Not necessarily in a "visual" as in involving images way, but some form of
connection to something you already know whether explicitly visual or abstract
is how the brain creates memories. In my experience speed reading, it
dramatically increased the rate of information intake, especially if using
software to sequentially display text (like Spritz), and eventually with
practice it was possible to retain comprehension as well, but never was I able
to create lasting stores of that information. I could get through a non
technical book in a few hours reading consistently around 700 wpm (taking
breaks to rest the eyes) and could understand what I was reading in the
moment, but can't say I remember much of anything from those books. They
literally feel like a "blur" in my mind.

Perhaps if the goal of reading is to identify specific information anywhere
within a text quickly and move on to something else or switch to reading more
mindfully at that point, then it may make sense.

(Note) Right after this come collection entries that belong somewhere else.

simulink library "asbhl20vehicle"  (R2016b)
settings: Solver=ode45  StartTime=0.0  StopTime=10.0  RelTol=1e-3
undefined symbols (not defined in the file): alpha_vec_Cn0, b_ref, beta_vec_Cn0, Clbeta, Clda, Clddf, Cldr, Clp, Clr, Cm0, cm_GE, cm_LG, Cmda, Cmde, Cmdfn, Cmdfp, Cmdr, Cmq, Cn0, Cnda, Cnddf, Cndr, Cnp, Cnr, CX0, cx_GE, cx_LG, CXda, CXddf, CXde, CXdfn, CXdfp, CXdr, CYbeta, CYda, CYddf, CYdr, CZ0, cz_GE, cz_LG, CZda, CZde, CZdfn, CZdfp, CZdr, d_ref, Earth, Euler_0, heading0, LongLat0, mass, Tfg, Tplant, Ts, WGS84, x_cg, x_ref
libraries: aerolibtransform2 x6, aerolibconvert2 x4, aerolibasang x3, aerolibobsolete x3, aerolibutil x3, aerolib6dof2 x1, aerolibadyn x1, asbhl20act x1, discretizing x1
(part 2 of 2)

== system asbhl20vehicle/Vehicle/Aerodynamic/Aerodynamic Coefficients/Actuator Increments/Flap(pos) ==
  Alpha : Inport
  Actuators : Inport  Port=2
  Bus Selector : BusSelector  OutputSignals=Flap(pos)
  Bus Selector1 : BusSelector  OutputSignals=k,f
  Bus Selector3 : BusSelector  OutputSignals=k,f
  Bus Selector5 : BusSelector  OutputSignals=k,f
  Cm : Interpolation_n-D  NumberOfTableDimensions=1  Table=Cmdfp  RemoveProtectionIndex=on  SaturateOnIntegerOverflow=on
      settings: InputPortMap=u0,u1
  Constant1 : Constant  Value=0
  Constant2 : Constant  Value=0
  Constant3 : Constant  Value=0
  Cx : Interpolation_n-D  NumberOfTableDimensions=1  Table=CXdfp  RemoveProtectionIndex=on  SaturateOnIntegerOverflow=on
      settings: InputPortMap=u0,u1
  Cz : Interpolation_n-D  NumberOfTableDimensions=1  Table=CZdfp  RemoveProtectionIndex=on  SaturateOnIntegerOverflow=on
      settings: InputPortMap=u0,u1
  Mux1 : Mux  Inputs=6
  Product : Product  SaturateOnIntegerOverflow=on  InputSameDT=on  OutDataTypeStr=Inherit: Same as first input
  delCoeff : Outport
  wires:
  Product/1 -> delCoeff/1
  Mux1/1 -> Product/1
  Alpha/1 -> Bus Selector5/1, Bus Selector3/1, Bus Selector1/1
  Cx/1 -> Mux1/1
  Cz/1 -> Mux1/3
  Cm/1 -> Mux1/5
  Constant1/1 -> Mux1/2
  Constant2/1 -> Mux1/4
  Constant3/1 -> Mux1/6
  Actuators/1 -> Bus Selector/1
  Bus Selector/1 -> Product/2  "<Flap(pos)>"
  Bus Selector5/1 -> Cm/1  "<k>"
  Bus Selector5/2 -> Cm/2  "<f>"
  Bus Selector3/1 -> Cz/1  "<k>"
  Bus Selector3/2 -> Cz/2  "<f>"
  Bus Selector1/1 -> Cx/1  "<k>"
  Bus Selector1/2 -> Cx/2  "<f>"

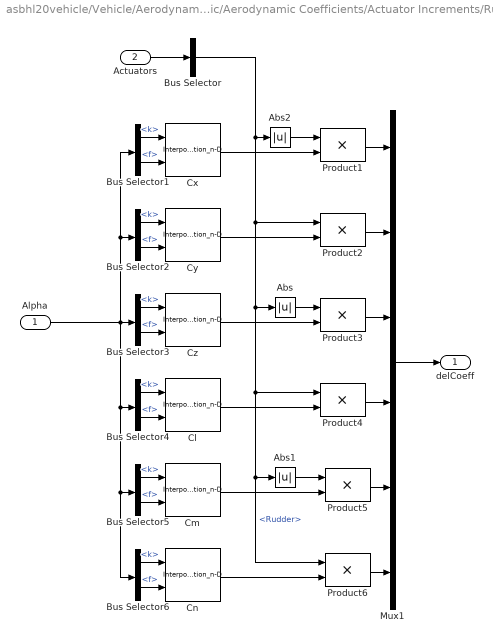
== system asbhl20vehicle/Vehicle/Aerodynamic/Aerodynamic Coefficients/Actuator Increments/Rudder ==
  Alpha : Inport
  Actuators : Inport  Port=2
  Abs : Abs  SaturateOnIntegerOverflow=on
  Abs1 : Abs  SaturateOnIntegerOverflow=on
  Abs2 : Abs  SaturateOnIntegerOverflow=on
  Bus Selector : BusSelector  OutputSignals=Rudder
  Bus Selector{1..6} (6 alike) : BusSelector  OutputSignals=k,f
  Cl : Interpolation_n-D  NumberOfTableDimensions=1  Table=Cldr  RemoveProtectionIndex=on  SaturateOnIntegerOverflow=on
      settings: InputPortMap=u0,u1
  Cm : Interpolation_n-D  NumberOfTableDimensions=1  Table=Cmdr  RemoveProtectionIndex=on  SaturateOnIntegerOverflow=on
      settings: InputPortMap=u0,u1
  Cn : Interpolation_n-D  NumberOfTableDimensions=1  Table=Cndr  RemoveProtectionIndex=on  SaturateOnIntegerOverflow=on
      settings: InputPortMap=u0,u1
  Cx : Interpolation_n-D  NumberOfTableDimensions=1  Table=CXdr  RemoveProtectionIndex=on  SaturateOnIntegerOverflow=on
      settings: InputPortMap=u0,u1
  Cy : Interpolation_n-D  NumberOfTableDimensions=1  Table=CYdr  RemoveProtectionIndex=on  SaturateOnIntegerOverflow=on
      settings: InputPortMap=u0,u1
  Cz : Interpolation_n-D  NumberOfTableDimensions=1  Table=CZdr  RemoveProtectionIndex=on  SaturateOnIntegerOverflow=on
      settings: InputPortMap=u0,u1
  Mux1 : Mux  Inputs=6
  Product{1..6} (6 alike) : Product  SaturateOnIntegerOverflow=on  InputSameDT=on  OutDataTypeStr=Inherit: Same as first input
  delCoeff : Outport
  wires:
  Actuators/1 -> Bus Selector/1
  Mux1/1 -> delCoeff/1
  Product1/1 -> Mux1/1
  Cx/1 -> Product1/2
  Product2/1 -> Mux1/2
  Cy/1 -> Product2/2
  Product3/1 -> Mux1/3
  Cz/1 -> Product3/2
  Cl/1 -> Product4/2
  Product4/1 -> Mux1/4
  Cm/1 -> Product5/2
  Product5/1 -> Mux1/5
  Cn/1 -> Product6/2
  Product6/1 -> Mux1/6
  Bus Selector/1 -> Abs2/1, Product2/1, Abs/1, Product4/1, Abs1/1, Product6/1  "<Rudder>"
  Abs/1 -> Product3/1
  Abs1/1 -> Product5/1
  Abs2/1 -> Product1/1
  Alpha/1 -> Bus Selector3/1, Bus Selector4/1, Bus Selector6/1, Bus Selector5/1, Bus Selector2/1, Bus Selector1/1
  Bus Selector1/1 -> Cx/1  "<k>"
  Bus Selector1/2 -> Cx/2  "<f>"
  Bus Selector2/1 -> Cy/1  "<k>"
  Bus Selector2/2 -> Cy/2  "<f>"
  Bus Selector3/1 -> Cz/1  "<k>"
  Bus Selector3/2 -> Cz/2  "<f>"
  Bus Selector4/1 -> Cl/1  "<k>"
  Bus Selector4/2 -> Cl/2  "<f>"
  Bus Selector5/1 -> Cm/1  "<k>"
  Bus Selector5/2 -> Cm/2  "<f>"
  Bus Selector6/1 -> Cn/1  "<k>"
  Bus Selector6/2 -> Cn/2  "<f>"

== system asbhl20vehicle/Vehicle/Aerodynamic/Aerodynamic Coefficients/Body Rate Damping/p ==
  Alpha : Inport
  Bus Selector : BusSelector  OutputSignals=k,f
  Bus Selector1 : BusSelector  OutputSignals=k,f
  Cl : Interpolation_n-D  NumberOfTableDimensions=1  Table=Clp  RemoveProtectionIndex=on  SaturateOnIntegerOverflow=on
      settings: InputPortMap=u0,u1
  Cn : Interpolation_n-D  NumberOfTableDimensions=1  Table=Cnp  RemoveProtectionIndex=on  SaturateOnIntegerOverflow=on
      settings: InputPortMap=u0,u1
  Constant1 : Constant  Value=0
  Mux1 : Mux  Inputs=6
  delCoeff : Outport
  wires:
  Mux1/1 -> delCoeff/1
  Constant1/1 -> Mux1/1, Mux1/5, Mux1/3, Mux1/2  "Cxp"
  Cn/1 -> Mux1/6
  Cl/1 -> Mux1/4  "Cl"
  Alpha/1 -> Bus Selector/1, Bus Selector1/1
  Bus Selector/1 -> Cl/1  "<k>"
  Bus Selector/2 -> Cl/2  "<f>"
  Bus Selector1/1 -> Cn/1  "<k>"
  Bus Selector1/2 -> Cn/2  "<f>"

== system asbhl20vehicle/Vehicle/Aerodynamic/Aerodynamic Coefficients/Body Rate Damping/q ==
  Alpha : Inport
  Bus Selector1 : BusSelector  OutputSignals=k,f
  Cmq : Interpolation_n-D  NumberOfTableDimensions=1  Table=Cmq  RemoveProtectionIndex=on  SaturateOnIntegerOverflow=on
      settings: InputPortMap=u0,u1
  Constant3 : Constant  Value=0
  Mux1 : Mux  Inputs=6
  delCoeff : Outport
  wires:
  Cmq/1 -> Mux1/5
  Constant3/1 -> Mux1/1, Mux1/2, Mux1/3, Mux1/6, Mux1/4
  Mux1/1 -> delCoeff/1
  Alpha/1 -> Bus Selector1/1
  Bus Selector1/1 -> Cmq/1  "<k>"
  Bus Selector1/2 -> Cmq/2  "<f>"

== system asbhl20vehicle/Vehicle/Aerodynamic/Aerodynamic Coefficients/Body Rate Damping/r ==
  Alpha : Inport
  Bus Selector : BusSelector  OutputSignals=k,f
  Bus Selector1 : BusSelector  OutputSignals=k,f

Personally, I read
exclusively to obtain information and retain it. If I don't care to retain the
information, I won't read it in the first place. So not being able to retain
anything meaningful save for the few instances I slowed down ended up
defeating the purpose for me. Lastly IIRC, I once read about the neuroscience
of reading with regards to speed reading and the gist of the article ended up
saying that it takes discrete periods literally measurable in observable time
in order to form memories, and speed reading feeds in information continuously
at a rate that does not allow for this crystallization to occur--because the
actual reading is like a blocking operation neurologically to memory
formation. When we read normally, we pause and reflect in various abstract
ways on the information which creates connections and hence memories.

------
tomdre
A long time ago I read "Speed Reading" by Tony Buzan. It provides plenty of
techniques, tricks, and exercises.